The steps to set up a conda environment for TensorFlow is shown below:

request an interactive session with a GPU node

srun -t 01:00:00 -p gpu-preempt --gpus=1 --mem=16G --pty /bin/bash

load modules

module load miniconda/22.11.1-1
module load cuda/11.4.0
module load cudnn/cuda11-8.4.1.50

create the environment

conda create --name TensorFlow-env python=3.9

Note: TensorFlow 2 requires a python version of at least 3.9

conda activate TensorFlow-env
pip install TensorFlow
pip install tensorrt
conda install ipykernel

Note: if you do not request enough memory, TensorRT will fail to install

Add environment to Jupyter

python -m ipykernel install --user --name TensorFlow-env --display-name="TensorFlow-Env"

After completing these steps, a new kernel with the name "TensorFlow-Env" will be shown with new Open OnDemand sessions

Troubleshooting with GPUs¶

To view ongoing GPU processes, the nvidia-smi pmon command can be used.

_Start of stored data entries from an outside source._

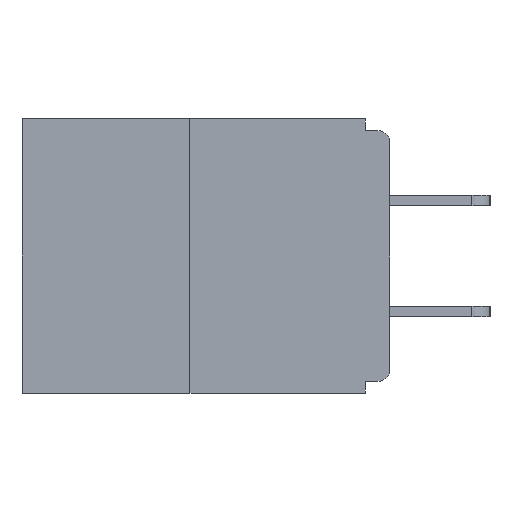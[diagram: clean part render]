
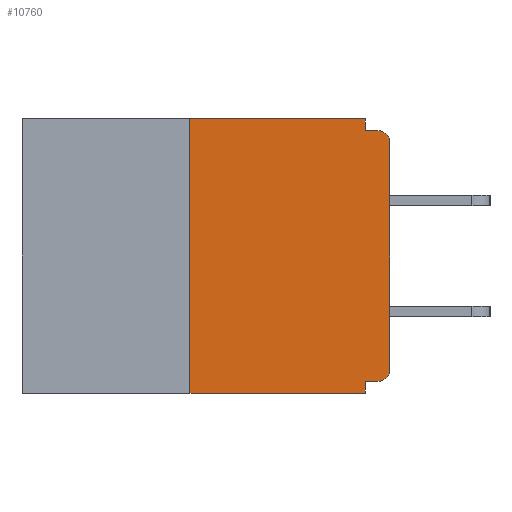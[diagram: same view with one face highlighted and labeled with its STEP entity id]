
A CAD part, left-side view. The second image highlights one B-rep face of the part: STEP entity #10760.
In plain terms, the highlighted planar face has unit normal (-1, 0, 0).
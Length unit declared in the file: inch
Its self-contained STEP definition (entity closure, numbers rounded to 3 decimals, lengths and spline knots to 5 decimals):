
#890 = LINE ( 'NONE', #17852, #12626 ) ;
#1479 = FACE_OUTER_BOUND ( 'NONE', #20674, .T. ) ;
#1658 = EDGE_CURVE ( 'NONE', #22780, #31343, #8278, .T. ) ;
#1729 = DIRECTION ( 'NONE',  ( 0., 0., -1. ) ) ;
#1784 = CARTESIAN_POINT ( 'NONE',  ( 0., 0.031, 0. ) ) ;
#2035 = DIRECTION ( 'NONE',  ( 0., 0., -1. ) ) ;
#2279 = AXIS2_PLACEMENT_3D ( 'NONE', #23241, #10829, #30538 ) ;
#2315 = VECTOR ( 'NONE', #21846, 39.37008 ) ;
#2624 = CARTESIAN_POINT ( 'NONE',  ( 0., 0.46, -0.343 ) ) ;
#2705 = CARTESIAN_POINT ( 'NONE',  ( 0., 0., -0.03 ) ) ;
#3207 = EDGE_CURVE ( 'NONE', #7098, #22780, #890, .T. ) ;
#3478 = LINE ( 'NONE', #25552, #4742 ) ;
#4213 = ORIENTED_EDGE ( 'NONE', *, *, #1658, .F. ) ;
#4228 = CARTESIAN_POINT ( 'NONE',  ( 0., 0.015, -0.03 ) ) ;
#4742 = VECTOR ( 'NONE', #1729, 39.37008 ) ;
#4753 = ORIENTED_EDGE ( 'NONE', *, *, #20375, .T. ) ;
#5220 = CARTESIAN_POINT ( 'NONE',  ( 0., 0.25, 0. ) ) ;
#5542 = CIRCLE ( 'NONE', #27365, 0.015 ) ;
#5695 = VECTOR ( 'NONE', #2035, 39.37008 ) ;
#6426 = DIRECTION ( 'NONE',  ( 0., 0., -1. ) ) ;
#6521 = CARTESIAN_POINT ( 'NONE',  ( 0., 0., -0.328 ) ) ;
#6990 = EDGE_CURVE ( 'NONE', #10298, #8557, #23359, .T. ) ;
#7098 = VERTEX_POINT ( 'NONE', #5220 ) ;
#7487 = EDGE_CURVE ( 'NONE', #10595, #27590, #17248, .T. ) ;
#7835 = CARTESIAN_POINT ( 'NONE',  ( 0., 0., -0.313 ) ) ;
#8038 = DIRECTION ( 'NONE',  ( 0., -1., 0. ) ) ;
#8278 = LINE ( 'NONE', #28575, #5695 ) ;
#8441 = VECTOR ( 'NONE', #30998, 39.37008 ) ;
#8557 = VERTEX_POINT ( 'NONE', #23411 ) ;
#9157 = DIRECTION ( 'NONE',  ( -1., 0., 0. ) ) ;
#9995 = ORIENTED_EDGE ( 'NONE', *, *, #3207, .F. ) ;
#10092 = EDGE_CURVE ( 'NONE', #31343, #21655, #12314, .T. ) ;
#10298 = VERTEX_POINT ( 'NONE', #30102 ) ;
#10595 = VERTEX_POINT ( 'NONE', #7835 ) ;
#10760 = ADVANCED_FACE ( 'NONE', ( #1479 ), #28008, .F. ) ;
#10829 = DIRECTION ( 'NONE',  ( 1., 0., 0. ) ) ;
#11262 = DIRECTION ( 'NONE',  ( 0., 1., 0. ) ) ;
#11376 = VECTOR ( 'NONE', #11262, 39.37008 ) ;
#12100 = ORIENTED_EDGE ( 'NONE', *, *, #17740, .F. ) ;
#12233 = CARTESIAN_POINT ( 'NONE',  ( 0., 0.25, 0. ) ) ;
#12314 = LINE ( 'NONE', #24564, #24607 ) ;
#12626 = VECTOR ( 'NONE', #29948, 39.37008 ) ;
#13742 = ORIENTED_EDGE ( 'NONE', *, *, #27082, .T. ) ;
#13960 = CIRCLE ( 'NONE', #22115, 0.015 ) ;
#15684 = ORIENTED_EDGE ( 'NONE', *, *, #25093, .F. ) ;
#17248 = LINE ( 'NONE', #17406, #26660 ) ;
#17309 = EDGE_CURVE ( 'NONE', #27590, #21655, #13960, .T. ) ;
#17359 = VERTEX_POINT ( 'NONE', #18833 ) ;
#17406 = CARTESIAN_POINT ( 'NONE',  ( 0., 0., 0. ) ) ;
#17740 = EDGE_CURVE ( 'NONE', #17359, #7098, #19546, .T. ) ;
#17852 = CARTESIAN_POINT ( 'NONE',  ( 0., 0.46, 0. ) ) ;
#18833 = CARTESIAN_POINT ( 'NONE',  ( 0., 0.25, -0.343 ) ) ;
#18901 = ORIENTED_EDGE ( 'NONE', *, *, #7487, .T. ) ;
#19546 = LINE ( 'NONE', #12233, #8441 ) ;
#20052 = ORIENTED_EDGE ( 'NONE', *, *, #17309, .T. ) ;
#20375 = EDGE_CURVE ( 'NONE', #10298, #10595, #5542, .T. ) ;
#20674 = EDGE_LOOP ( 'NONE', ( #9995, #12100, #13742, #15684, #28543, #4753, #18901, #20052, #26942, #4213 ) ) ;
#21655 = VERTEX_POINT ( 'NONE', #21822 ) ;
#21822 = CARTESIAN_POINT ( 'NONE',  ( 0., 0.015, -0.015 ) ) ;
#21846 = DIRECTION ( 'NONE',  ( 0., -1., 0. ) ) ;
#22115 = AXIS2_PLACEMENT_3D ( 'NONE', #4228, #9157, #30761 ) ;
#22780 = VERTEX_POINT ( 'NONE', #1784 ) ;
#23241 = CARTESIAN_POINT ( 'NONE',  ( 0., 0.46, 0. ) ) ;
#23269 = CARTESIAN_POINT ( 'NONE',  ( 0., 0.015, -0.313 ) ) ;
#23359 = LINE ( 'NONE', #6521, #11376 ) ;
#23411 = CARTESIAN_POINT ( 'NONE',  ( 0., 0.031, -0.328 ) ) ;
#24392 = LINE ( 'NONE', #2624, #2315 ) ;
#24564 = CARTESIAN_POINT ( 'NONE',  ( 0., 0., -0.015 ) ) ;
#24607 = VECTOR ( 'NONE', #8038, 39.37008 ) ;
#25093 = EDGE_CURVE ( 'NONE', #8557, #30930, #3478, .T. ) ;
#25552 = CARTESIAN_POINT ( 'NONE',  ( 0., 0.031, -0.343 ) ) ;
#26660 = VECTOR ( 'NONE', #27113, 39.37008 ) ;
#26731 = CARTESIAN_POINT ( 'NONE',  ( 0., 0.031, -0.015 ) ) ;
#26942 = ORIENTED_EDGE ( 'NONE', *, *, #10092, .F. ) ;
#27082 = EDGE_CURVE ( 'NONE', #17359, #30930, #24392, .T. ) ;
#27087 = CARTESIAN_POINT ( 'NONE',  ( 0., 0.031, -0.343 ) ) ;
#27113 = DIRECTION ( 'NONE',  ( 0., 0., 1. ) ) ;
#27365 = AXIS2_PLACEMENT_3D ( 'NONE', #23269, #28191, #6426 ) ;
#27590 = VERTEX_POINT ( 'NONE', #2705 ) ;
#28008 = PLANE ( 'NONE',  #2279 ) ;
#28191 = DIRECTION ( 'NONE',  ( -1., 0., 0. ) ) ;
#28543 = ORIENTED_EDGE ( 'NONE', *, *, #6990, .F. ) ;
#28575 = CARTESIAN_POINT ( 'NONE',  ( 0., 0.031, 0. ) ) ;
#29948 = DIRECTION ( 'NONE',  ( 0., -1., 0. ) ) ;
#30102 = CARTESIAN_POINT ( 'NONE',  ( 0., 0.015, -0.328 ) ) ;
#30538 = DIRECTION ( 'NONE',  ( 0., 0., -1. ) ) ;
#30761 = DIRECTION ( 'NONE',  ( 0., 0., -1. ) ) ;
#30930 = VERTEX_POINT ( 'NONE', #27087 ) ;
#30998 = DIRECTION ( 'NONE',  ( 0., 0., 1. ) ) ;
#31343 = VERTEX_POINT ( 'NONE', #26731 ) ;

If you are getting error messages, please be sure to add the following command to your scripts in order to know which GPU is being used.

nvidia-smi -L

If there is a CUDA_ERROR_OUT_OF_MEMORY, a GPU with more available VRAM may be necessary, or the code being run should be modified to reduce the memory usage.